[Data for review]

◇ ◇ ◇ ◇ ◇

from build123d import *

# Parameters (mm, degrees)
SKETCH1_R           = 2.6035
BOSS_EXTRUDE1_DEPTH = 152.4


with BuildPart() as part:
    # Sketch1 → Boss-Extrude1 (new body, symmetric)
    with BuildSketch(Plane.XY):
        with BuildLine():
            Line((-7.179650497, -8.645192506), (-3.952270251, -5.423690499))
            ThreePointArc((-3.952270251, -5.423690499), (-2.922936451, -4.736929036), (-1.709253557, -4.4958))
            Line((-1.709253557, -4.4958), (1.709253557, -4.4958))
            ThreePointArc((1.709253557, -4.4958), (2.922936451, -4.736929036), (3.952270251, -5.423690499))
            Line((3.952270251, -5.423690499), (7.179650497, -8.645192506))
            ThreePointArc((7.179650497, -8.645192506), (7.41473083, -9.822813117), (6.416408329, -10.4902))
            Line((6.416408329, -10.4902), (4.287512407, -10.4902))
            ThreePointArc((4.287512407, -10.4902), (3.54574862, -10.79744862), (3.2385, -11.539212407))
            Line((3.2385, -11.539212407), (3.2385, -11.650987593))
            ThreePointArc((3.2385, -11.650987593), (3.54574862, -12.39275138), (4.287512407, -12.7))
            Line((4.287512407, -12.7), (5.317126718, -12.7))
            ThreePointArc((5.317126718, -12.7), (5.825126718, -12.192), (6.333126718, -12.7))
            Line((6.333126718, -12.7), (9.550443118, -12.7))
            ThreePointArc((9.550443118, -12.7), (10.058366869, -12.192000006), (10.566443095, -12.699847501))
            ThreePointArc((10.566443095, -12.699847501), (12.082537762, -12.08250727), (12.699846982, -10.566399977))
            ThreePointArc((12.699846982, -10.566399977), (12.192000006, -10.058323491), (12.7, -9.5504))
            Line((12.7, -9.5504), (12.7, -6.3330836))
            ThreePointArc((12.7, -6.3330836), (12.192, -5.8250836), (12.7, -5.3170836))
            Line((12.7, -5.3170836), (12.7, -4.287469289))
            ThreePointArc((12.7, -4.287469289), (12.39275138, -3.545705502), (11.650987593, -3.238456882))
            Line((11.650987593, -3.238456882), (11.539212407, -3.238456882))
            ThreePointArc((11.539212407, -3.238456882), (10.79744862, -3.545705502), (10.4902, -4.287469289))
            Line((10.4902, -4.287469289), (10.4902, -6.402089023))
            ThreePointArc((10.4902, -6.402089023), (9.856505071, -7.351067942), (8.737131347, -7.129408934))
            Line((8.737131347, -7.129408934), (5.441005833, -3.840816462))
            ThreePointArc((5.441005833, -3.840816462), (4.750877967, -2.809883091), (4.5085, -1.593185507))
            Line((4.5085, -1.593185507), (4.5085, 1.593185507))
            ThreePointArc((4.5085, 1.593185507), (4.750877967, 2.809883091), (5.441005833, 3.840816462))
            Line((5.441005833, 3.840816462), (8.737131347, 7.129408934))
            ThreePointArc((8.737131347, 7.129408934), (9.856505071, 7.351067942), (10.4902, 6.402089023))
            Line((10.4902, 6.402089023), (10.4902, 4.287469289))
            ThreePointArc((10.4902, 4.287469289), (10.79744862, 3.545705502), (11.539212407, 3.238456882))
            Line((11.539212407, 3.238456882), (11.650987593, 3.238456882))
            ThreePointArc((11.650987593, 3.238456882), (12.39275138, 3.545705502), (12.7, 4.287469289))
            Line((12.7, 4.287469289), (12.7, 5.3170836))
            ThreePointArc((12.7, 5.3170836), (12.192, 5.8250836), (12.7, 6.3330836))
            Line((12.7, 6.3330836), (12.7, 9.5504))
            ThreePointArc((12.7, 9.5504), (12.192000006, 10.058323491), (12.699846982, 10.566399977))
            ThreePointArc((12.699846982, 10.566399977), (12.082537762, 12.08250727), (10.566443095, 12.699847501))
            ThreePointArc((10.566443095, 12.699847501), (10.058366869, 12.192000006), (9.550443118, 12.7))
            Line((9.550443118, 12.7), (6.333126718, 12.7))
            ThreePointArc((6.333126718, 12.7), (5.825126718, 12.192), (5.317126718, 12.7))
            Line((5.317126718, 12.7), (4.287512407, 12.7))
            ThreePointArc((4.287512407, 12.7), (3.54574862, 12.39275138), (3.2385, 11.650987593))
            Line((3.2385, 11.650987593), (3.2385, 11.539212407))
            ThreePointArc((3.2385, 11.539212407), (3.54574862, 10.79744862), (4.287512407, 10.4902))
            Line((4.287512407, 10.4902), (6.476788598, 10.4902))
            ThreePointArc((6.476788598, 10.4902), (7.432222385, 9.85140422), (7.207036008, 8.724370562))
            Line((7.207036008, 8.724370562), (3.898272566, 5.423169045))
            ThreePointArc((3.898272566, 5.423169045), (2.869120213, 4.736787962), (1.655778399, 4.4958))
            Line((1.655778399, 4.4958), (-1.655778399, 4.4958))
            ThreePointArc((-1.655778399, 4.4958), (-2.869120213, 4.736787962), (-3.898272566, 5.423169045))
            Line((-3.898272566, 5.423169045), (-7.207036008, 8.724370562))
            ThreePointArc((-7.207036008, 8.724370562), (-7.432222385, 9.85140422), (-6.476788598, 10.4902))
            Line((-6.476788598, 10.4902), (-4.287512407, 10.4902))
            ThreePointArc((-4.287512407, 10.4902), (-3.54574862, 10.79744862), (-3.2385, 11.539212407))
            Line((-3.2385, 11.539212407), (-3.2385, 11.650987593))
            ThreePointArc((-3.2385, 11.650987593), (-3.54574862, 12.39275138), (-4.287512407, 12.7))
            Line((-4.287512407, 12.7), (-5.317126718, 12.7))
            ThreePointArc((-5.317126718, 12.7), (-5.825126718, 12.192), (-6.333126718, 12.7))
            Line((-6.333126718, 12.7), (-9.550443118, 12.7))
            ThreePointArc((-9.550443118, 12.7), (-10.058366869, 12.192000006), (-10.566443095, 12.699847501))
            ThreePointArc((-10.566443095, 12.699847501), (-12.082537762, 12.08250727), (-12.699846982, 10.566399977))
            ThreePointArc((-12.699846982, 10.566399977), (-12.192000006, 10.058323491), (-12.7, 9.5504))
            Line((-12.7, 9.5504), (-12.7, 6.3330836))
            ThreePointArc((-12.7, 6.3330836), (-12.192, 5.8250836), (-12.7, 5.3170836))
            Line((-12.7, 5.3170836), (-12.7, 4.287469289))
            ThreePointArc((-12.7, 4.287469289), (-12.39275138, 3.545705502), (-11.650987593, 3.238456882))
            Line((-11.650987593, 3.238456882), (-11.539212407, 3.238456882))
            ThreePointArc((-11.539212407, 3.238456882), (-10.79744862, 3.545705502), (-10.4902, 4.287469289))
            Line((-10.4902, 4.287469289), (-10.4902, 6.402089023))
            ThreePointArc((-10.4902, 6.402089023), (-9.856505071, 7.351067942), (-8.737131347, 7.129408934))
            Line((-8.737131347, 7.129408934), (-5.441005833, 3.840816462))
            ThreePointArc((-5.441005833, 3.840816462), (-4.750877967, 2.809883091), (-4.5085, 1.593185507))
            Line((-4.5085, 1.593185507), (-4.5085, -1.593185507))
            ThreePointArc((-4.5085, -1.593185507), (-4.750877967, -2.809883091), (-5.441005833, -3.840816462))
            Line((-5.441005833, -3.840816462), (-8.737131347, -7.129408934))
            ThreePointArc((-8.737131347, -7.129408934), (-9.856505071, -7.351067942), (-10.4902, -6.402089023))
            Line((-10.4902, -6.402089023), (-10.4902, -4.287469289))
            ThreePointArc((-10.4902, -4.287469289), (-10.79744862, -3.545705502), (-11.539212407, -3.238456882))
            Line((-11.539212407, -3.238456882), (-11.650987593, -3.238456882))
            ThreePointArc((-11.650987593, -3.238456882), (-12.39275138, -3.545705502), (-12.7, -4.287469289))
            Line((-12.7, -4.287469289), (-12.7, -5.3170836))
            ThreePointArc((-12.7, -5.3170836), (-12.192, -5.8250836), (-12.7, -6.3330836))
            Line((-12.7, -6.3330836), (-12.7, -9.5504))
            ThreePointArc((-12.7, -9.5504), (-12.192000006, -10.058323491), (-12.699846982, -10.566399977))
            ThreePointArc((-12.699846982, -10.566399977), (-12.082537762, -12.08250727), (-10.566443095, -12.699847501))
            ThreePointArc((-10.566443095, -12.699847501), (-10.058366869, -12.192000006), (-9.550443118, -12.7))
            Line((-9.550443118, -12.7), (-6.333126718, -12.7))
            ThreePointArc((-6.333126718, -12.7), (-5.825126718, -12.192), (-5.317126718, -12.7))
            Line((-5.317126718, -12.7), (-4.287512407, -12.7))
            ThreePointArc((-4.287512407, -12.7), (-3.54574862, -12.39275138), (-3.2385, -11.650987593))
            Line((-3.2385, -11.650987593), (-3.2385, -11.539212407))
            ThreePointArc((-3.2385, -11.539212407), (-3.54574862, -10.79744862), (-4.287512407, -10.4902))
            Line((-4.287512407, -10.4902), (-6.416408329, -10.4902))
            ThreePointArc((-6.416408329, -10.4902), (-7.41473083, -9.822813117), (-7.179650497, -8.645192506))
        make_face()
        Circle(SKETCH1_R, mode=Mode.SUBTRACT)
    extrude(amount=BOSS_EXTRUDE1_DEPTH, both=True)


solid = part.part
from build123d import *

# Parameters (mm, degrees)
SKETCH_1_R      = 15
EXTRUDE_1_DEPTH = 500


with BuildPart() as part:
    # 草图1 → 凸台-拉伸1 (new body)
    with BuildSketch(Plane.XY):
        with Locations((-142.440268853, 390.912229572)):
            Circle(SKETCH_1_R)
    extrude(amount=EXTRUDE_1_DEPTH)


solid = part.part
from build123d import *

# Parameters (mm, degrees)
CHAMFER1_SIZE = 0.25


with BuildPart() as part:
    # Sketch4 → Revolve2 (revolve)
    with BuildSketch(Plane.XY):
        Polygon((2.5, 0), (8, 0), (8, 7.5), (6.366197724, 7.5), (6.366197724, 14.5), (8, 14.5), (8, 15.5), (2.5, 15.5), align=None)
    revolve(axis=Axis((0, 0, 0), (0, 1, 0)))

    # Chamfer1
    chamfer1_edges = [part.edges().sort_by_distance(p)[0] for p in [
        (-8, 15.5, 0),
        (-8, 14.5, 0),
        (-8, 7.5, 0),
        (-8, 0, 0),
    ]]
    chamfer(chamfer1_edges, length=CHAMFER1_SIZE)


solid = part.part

◇ ◇ ◇ ◇ ◇

[Assignment] Across all the records, find the lines containing the word "revolve" and reproduce each one.

[Task solution]
    # Sketch4 → Revolve2 (revolve)
    revolve(axis=Axis((0, 0, 0), (0, 1, 0)))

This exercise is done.